Illumination or confusion? Dinoflagellate molecular phylogenetic data viewed from a primarily morphological standpoint

SUMMARY Recent molecular sequencing results involving multiple genes require evaluation in the light of preexisting morphological data, particularly as different methodologies and genes produce trees that are incongruent in some respects or have major areas with poorly supported branch resolution. The present paper summarizes the current situation, primarily from a morphologist's perspective. Most of the tabulation‐based groups are coherent in small subunit (SSU) and large subunit (LSD) trees; but some, notably the prorocentroids and peridinioids, are not. In prorocen‐troids this is primarily because of intrinsic inadequacies of the molecules to resolve their phylogeny. In peridinioids it seems to be because of paraphyly of the group. Other artefacts are noted, such as the drastically different positions of Oxyrrhis in phylogenetic trees based on SSU and protein genes, and of Noctiluca in SSU trees that include analyses with different numbers of nucleotides. Polyphyly in non‐tabulate or poorly known groups has been confirmed, as has been the presence of cryptic thecae in members of those groups (group misattribution). Whether or not some extant groups of athecate, wholly dinokaryotic forms originated prior to polytabulate groups, like the suessioids, peridinioids and gonyaula‐coids, remains unclear.
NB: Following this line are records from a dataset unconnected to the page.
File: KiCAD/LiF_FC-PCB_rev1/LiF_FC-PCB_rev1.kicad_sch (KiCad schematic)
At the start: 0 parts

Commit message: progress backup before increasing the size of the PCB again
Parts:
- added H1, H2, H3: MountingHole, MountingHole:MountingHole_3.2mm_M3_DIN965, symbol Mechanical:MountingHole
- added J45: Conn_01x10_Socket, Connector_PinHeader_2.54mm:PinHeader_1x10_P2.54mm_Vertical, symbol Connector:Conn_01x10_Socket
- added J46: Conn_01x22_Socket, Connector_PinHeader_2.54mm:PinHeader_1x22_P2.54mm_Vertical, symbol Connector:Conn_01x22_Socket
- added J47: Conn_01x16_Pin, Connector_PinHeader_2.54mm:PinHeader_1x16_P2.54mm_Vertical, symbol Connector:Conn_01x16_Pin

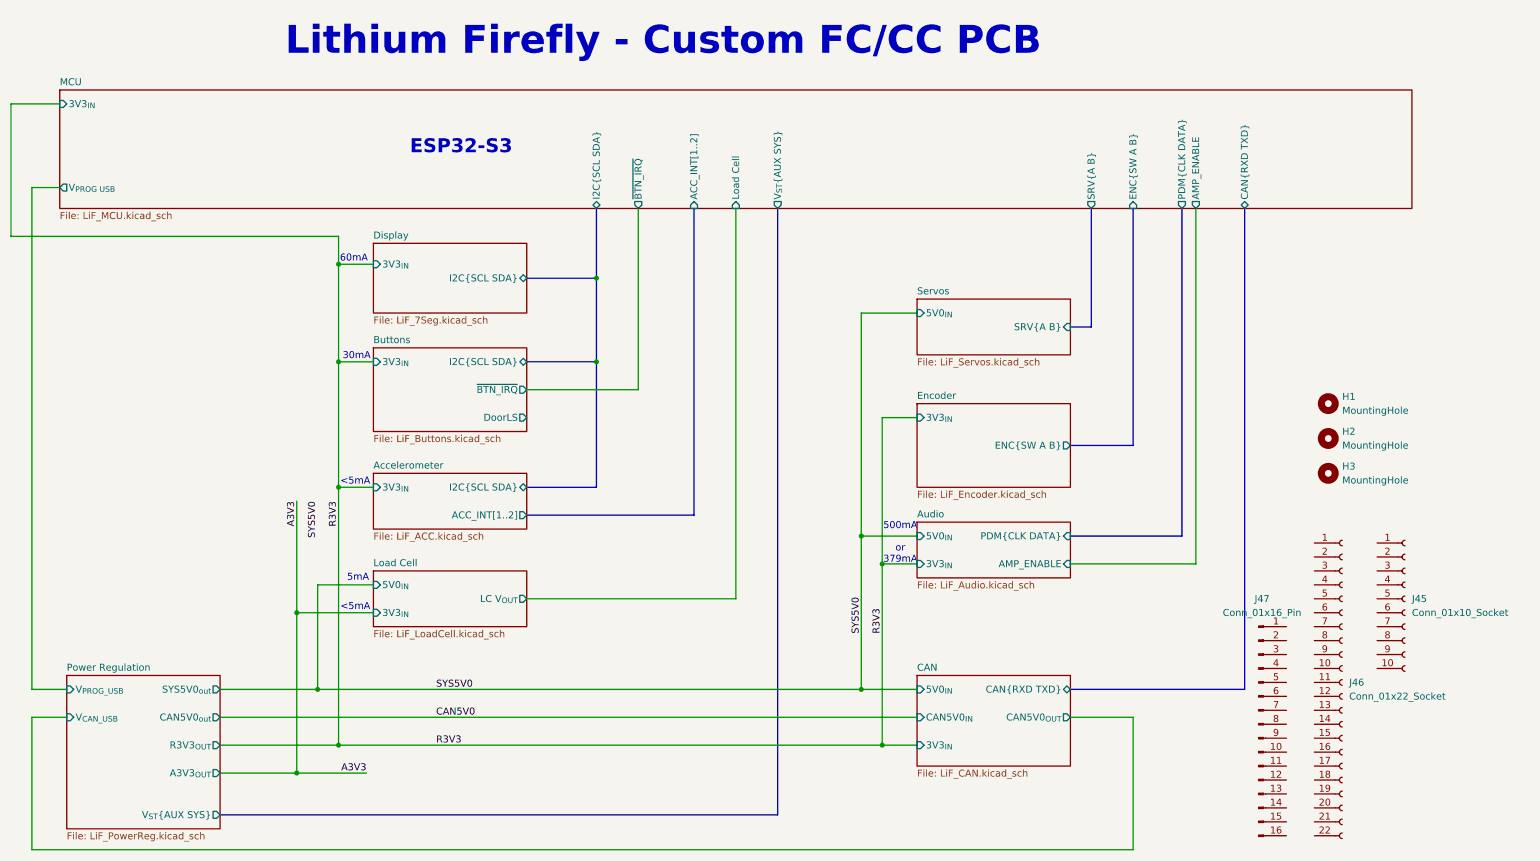
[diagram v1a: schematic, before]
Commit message: Created new KiCAD project for IO PCB, moved relevant components there, saving backup before reannotating the Service PCB schematics
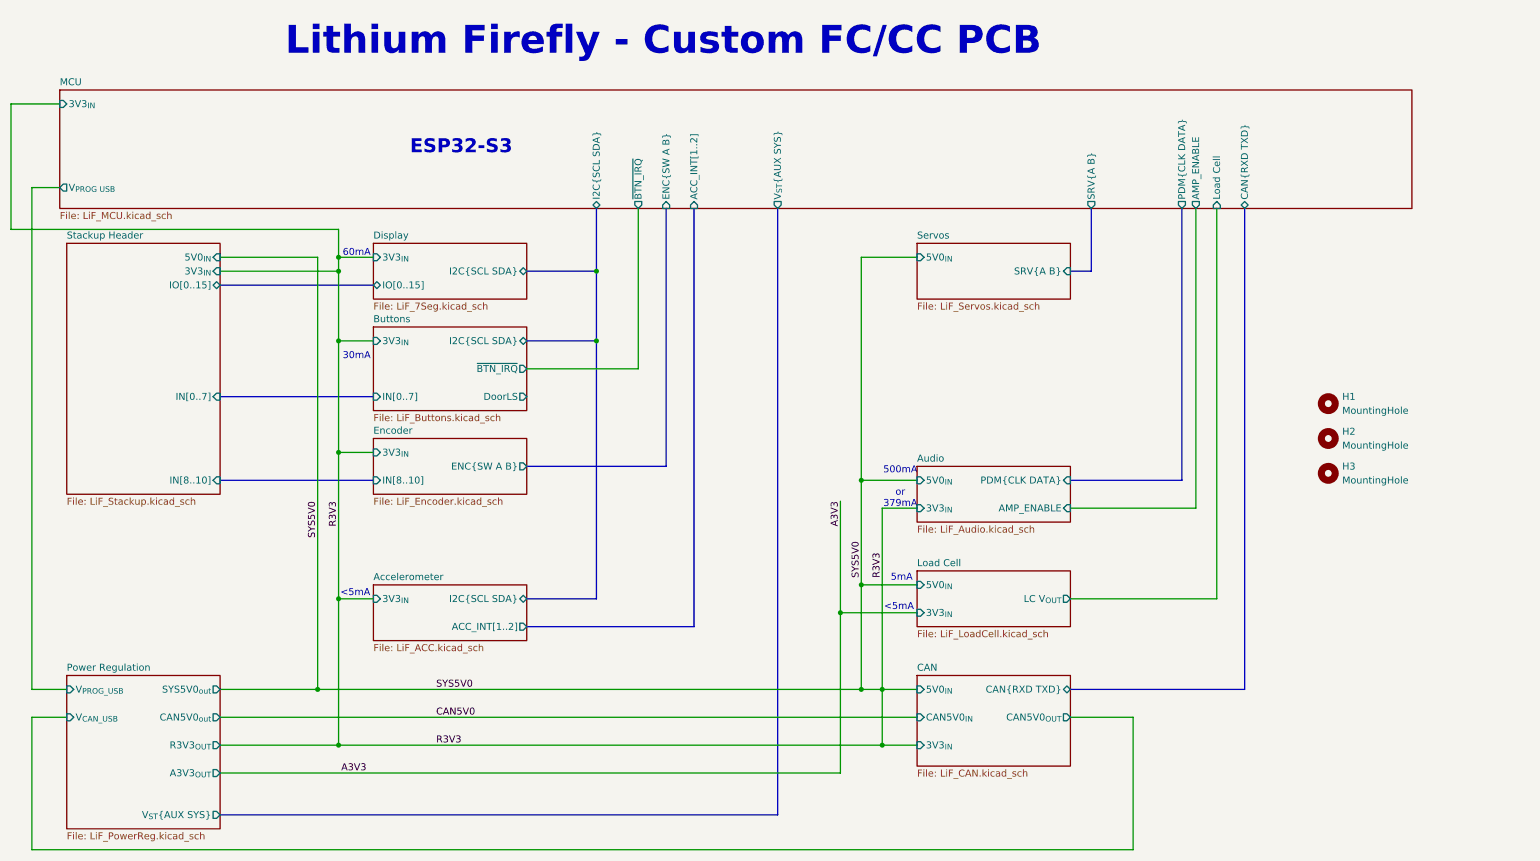
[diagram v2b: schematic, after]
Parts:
- removed J45: Conn_01x10_Socket, Connector_PinHeader_2.54mm:PinHeader_1x10_P2.54mm_Vertical, symbol Connector:Conn_01x10_Socket
- removed J46: Conn_01x22_Socket, Connector_PinHeader_2.54mm:PinHeader_1x22_P2.54mm_Vertical, symbol Connector:Conn_01x22_Socket
- removed J47: Conn_01x16_Pin, Connector_PinHeader_2.54mm:PinHeader_1x16_P2.54mm_Vertical, symbol Connector:Conn_01x16_Pin
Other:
- added sheet Stackup Header (LiF_Stackup.kicad_sch)
- sheet Buttons ports: added IN[0..7]; removed none
- sheet Display ports: added IO[0..15]; removed none
- sheet Encoder ports: added IN[8..10]; removed none

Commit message: backup before redoing the analog section
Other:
- sheet Encoder ports: added none; removed 3V3_{IN}

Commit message: progress save for the night. landmarking of service PCB is almost done. redid the analog section layout to make it more assembleable and better utilze the space. Still need to do ACC, R3V3, IO, test points, and jumpers
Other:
- sheet Buttons ports: added IO[16..23]; removed none
- sheet Load Cell ports: added IA_EN; removed none
- sheet MCU ports: added DoorLS, IA_EN; removed none
- sheet Stackup Header ports: added IO[16..23]; removed none
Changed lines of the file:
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@@
 	(text "500mA\n\nor\n379mA"
 		(exclude_from_sim no)
-		(at 177.292 99.06 0)
+		(at 177.292 92.71 0)
 		(effects
 			(font
@@
 	(text "5mA"
 		(exclude_from_sim no)
-		(at 177.546 115.57 0)
+		(at 177.546 108.458 0)
 		(effects
 			(font
@@
 	)
 	(junction
+		(at 170.18 91.44)
+		(diameter 0)
+		(color 0 0 0 0)
+	)
+	(junction
 		(at 166.37 121.92)
 		(diameter 0)
@@
 	)
 	(junction
-		(at 170.18 97.79)
+		(at 170.18 109.22)
 		(diameter 0)
 		(color 0 0 0 0)
@@
 	)
 	(junction
-		(at 170.18 116.84)
-		(diameter 0)
-		(color 0 0 0 0)
-	)
-	(junction
 		(at 74.93 57.15)
 		(diameter 0)
@@
 	(wire
 		(pts
-			(xy 234.95 119.38) (xy 208.28 119.38)
+			(xy 234.95 114.3) (xy 208.28 114.3)
 		)
 		(stroke
@@
 	(wire
 		(pts
-			(xy 173.99 102.87) (xy 173.99 146.05)
+			(xy 173.99 96.52) (xy 173.99 146.05)
 		)
 		(stroke
@@
 	(wire
 		(pts
-			(xy 170.18 116.84) (xy 180.34 116.84)
+			(xy 170.18 109.22) (xy 180.34 109.22)
 		)
 		(stroke
@@
 	(wire
 		(pts
-			(xy 170.18 97.79) (xy 170.18 116.84)
+			(xy 170.18 109.22) (xy 170.18 135.89)
+		)
+		(stroke
+			(width 0)
+			(type default)
+		)
+	)
+	(wire
+		(pts
+			(xy 237.49 48.26) (xy 237.49 118.11)
+		)
+		(stroke
+			(width 0)
+			(type default)
+		)
+	)
+	(wire
+		(pts
+			(xy 132.08 48.26) (xy 132.08 82.55)
+		)
+		(stroke
+			(width 0)
+			(type default)
+		)
+	)
+	(wire
+		(pts
+			(xy 170.18 91.44) (xy 170.18 109.22)
 		)
 		(stroke
@@
 	(wire
 		(pts
-			(xy 170.18 57.15) (xy 170.18 97.79)
+			(xy 170.18 57.15) (xy 170.18 91.44)
 		)
 		(stroke
@@
 	(wire
 		(pts
-			(xy 231.14 48.26) (xy 231.14 102.87)
+			(xy 231.14 48.26) (xy 231.14 96.52)
 		)
 		(stroke
@@
 		)
 	)
+	(wire
+		(pts
+			(xy 132.08 82.55) (xy 109.22 82.55)
+		)
+		(stroke
+			(width 0)
+			(type default)
+		)
+	)
 	(bus
 		(pts
-			(xy 240.03 48.26) (xy 240.03 135.89)
+			(xy 245.11 48.26) (xy 245.11 135.89)
 		)
 		(stroke
@@
 	(wire
 		(pts
-			(xy 234.95 48.26) (xy 234.95 119.38)
+			(xy 234.95 48.26) (xy 234.95 114.3)
 		)
 		(stroke
@@
 	(bus
 		(pts
-			(xy 240.03 135.89) (xy 208.28 135.89)
+			(xy 245.11 135.89) (xy 208.28 135.89)
 		)
 		(stroke
@@
 		)
 	)
-	(wire
-		(pts
-			(xy 170.18 116.84) (xy 170.18 135.89)
-		)
-		(stroke
-			(width 0)
-			(type default)
-		)
-	)
 	(bus
 		(pts
@@
 	(wire
 		(pts
-			(xy 180.34 102.87) (xy 173.99 102.87)
+			(xy 180.34 96.52) (xy 173.99 96.52)
 		)
 		(stroke
@@
 	(bus
 		(pts
-			(xy 208.28 97.79) (xy 228.6 97.79)
+			(xy 208.28 91.44) (xy 228.6 91.44)
 		)
 		(stroke
@@
 	(wire
 		(pts
-			(xy 208.28 102.87) (xy 231.14 102.87)
+			(xy 208.28 96.52) (xy 231.14 96.52)
 		)
 		(stroke
@@
 	(wire
 		(pts
-			(xy 170.18 97.79) (xy 180.34 97.79)
+			(xy 170.18 91.44) (xy 180.34 91.44)
+		)
+		(stroke
+			(width 0)
+			(type default)
+		)
+	)
+	(bus
+		(pts
+			(xy 53.34 80.01) (xy 81.28 80.01)
+		)
+		(stroke
+			(width 0)
+			(type default)
+		)
+	)
+	(wire
+		(pts
+			(xy 237.49 118.11) (xy 208.28 118.11)
 		)
 		(stroke
@@
 	(bus
 		(pts
-			(xy 228.6 48.26) (xy 228.6 97.79)
+			(xy 228.6 48.26) (xy 228.6 91.44)
 		)
 		(stroke
@@
 	)
 	(sheet
-		(at 180.34 114.3)
-		(size 27.94 10.16)
+		(at 180.34 106.68)
+		(size 27.94 17.78)
 		(exclude_from_sim no)
 		(in_bom yes)
@@
 		)
 		(property "Sheetname" "Load Cell"
-			(at 180.34 113.5884 0)
+			(at 180.34 105.9684 0)
 			(effects
 				(font
@@
 		)
 		(pin "5V0_{IN}" input
-			(at 180.34 116.84 180)
+			(at 180.34 109.22 180)
 			(effects
 				(font
@@
 		)
 		(pin "LC V_{OUT}" output
-			(at 208.28 119.38 0)
+			(at 208.28 114.3 0)
+			(effects
+				(font
+					(size 1.27 1.27)
+				)
+				(justify right)
+			)
+		)
+		(pin "IA_EN" input
+			(at 208.28 118.11 0)
 			(effects
 				(font
@@
 			)
 		)
+		(pin "IO[16..23]" bidirectional
+			(at 53.34 80.01 0)
+			(effects
+				(font
+					(size 1.27 1.27)
+				)
+				(justify right)
+			)
+		)
 		(instances
 			(project "LiF_FC-PCB_rev1"
@@
 			)
 		)
+		(pin "IO[16..23]" bidirectional
+			(at 81.28 80.01 180)
+			(effects
+				(font
+					(size 1.27 1.27)
+				)
+				(justify left)
+			)
+		)
 		(instances
 			(project "LiF_FC-PCB_rev1"
@@
 	)
 	(sheet
-		(at 180.34 95.25)
+		(at 180.34 88.9)
 		(size 27.94 10.16)
 		(exclude_from_sim no)
@@
 		)
 		(property "Sheetname" "Audio"
-			(at 180.34 94.5384 0)
+			(at 180.34 88.1884 0)
 			(effects
 				(font
@@
 		)
 		(property "Sheetfile" "LiF_Audio.kicad_sch"
-			(at 180.34 105.9946 0)
+			(at 180.34 99.6446 0)
 			(effects
 				(font
@@
 		)
 		(pin "3V3_{IN}" input
-			(at 180.34 102.87 180)
+			(at 180.34 96.52 180)
 			(effects
 				(font
@@
 		)
 		(pin "5V0_{IN}" input
-			(at 180.34 97.79 180)
+			(at 180.34 91.44 180)
 			(effects
 				(font
@@
 		)
 		(pin "AMP_ENABLE" input
-			(at 208.28 102.87 0)
+			(at 208.28 96.52 0)
 			(effects
 				(font
@@
 		)
 		(pin "PDM{CLK DATA}" input
-			(at 208.28 97.79 0)
+			(at 208.28 91.44 0)
 			(effects
 				(font
@@
 		)
 		(pin "CAN{RXD TXD}" bidirectional
-			(at 240.03 48.26 270)
+			(at 245.11 48.26 270)
 			(effects
 				(font
@@
 			(effects
 				(font
+					(size 1.27 1.27)
+				)
+				(justify left)
+			)
+		)
+		(pin "DoorLS" input
+			(at 132.08 48.26 270)
+			(effects
+				(font
+					(size 1.27 1.27)
+				)
+				(justify left)
+			)
+		)
+		(pin "IA_EN" output
+			(at 237.49 48.26 270)
+			(effects
+				(font

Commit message: finished service PCB routing and silkscreen, finished IO PCB layout, routing, and silkscreen. Exported production files, submitted PCB for manufacturing by JLCPCB
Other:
- sheet Power Regulation ports: added V_{supply}; removed none
- sheet Stackup Header ports: added V_{supply}; removed none
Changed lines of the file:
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@@
+		)
+	)
+	(wire
+		(pts
+			(xy 21.59 97.79) (xy 25.4 97.79)
+		)
+		(stroke
+			(width 0)
+			(type default)
 		)
 	)
@@
 		)
 	)
+	(wire
+		(pts
+			(xy 21.59 158.75) (xy 21.59 97.79)
+		)
+		(stroke
+			(width 0)
+			(type default)
+		)
+	)
 	(bus
 		(pts
@@
 		(pts
 			(xy 121.92 59.69) (xy 121.92 48.26)
+		)
+		(stroke
+			(width 0)
+			(type default)
+		)
+	)
+	(wire
+		(pts
+			(xy 25.4 158.75) (xy 21.59 158.75)
 		)
 		(stroke
@@
 			)
 		)
+		(pin "V_{supply}" input
+			(at 25.4 97.79 180)
+			(effects
+				(font
+					(size 1.27 1.27)
+				)
+				(justify left)
+			)
+		)
 		(instances
 			(project "LiF_FC-PCB_rev1"
@@
 			)
 		)
+		(pin "V_{supply}" output
+			(at 25.4 158.75 180)
+			(effects
+				(font
+					(size 1.27 1.27)
+				)
+				(justify left)
+			)
+		)

Gymnodinioids with a spiral acrobase seem to have given rise to the more complex athecate forms, whereas morphological features of the genus Gymnodinium are consistent with it being a sister group to polytabulate taxa such as Woloszynskia and the suessioids. Peridinioids and gonyaulacoids appear to have originated after that split. Dinophysoid and prorocentroid dinoflagellates appear to be derived from peridinioid forms. Trees based on protein genes, such as actin or α‐ and β‐tubulin, may help resolve some of the positions of key groups, but they do not include enough taxa to be widely useful as yet.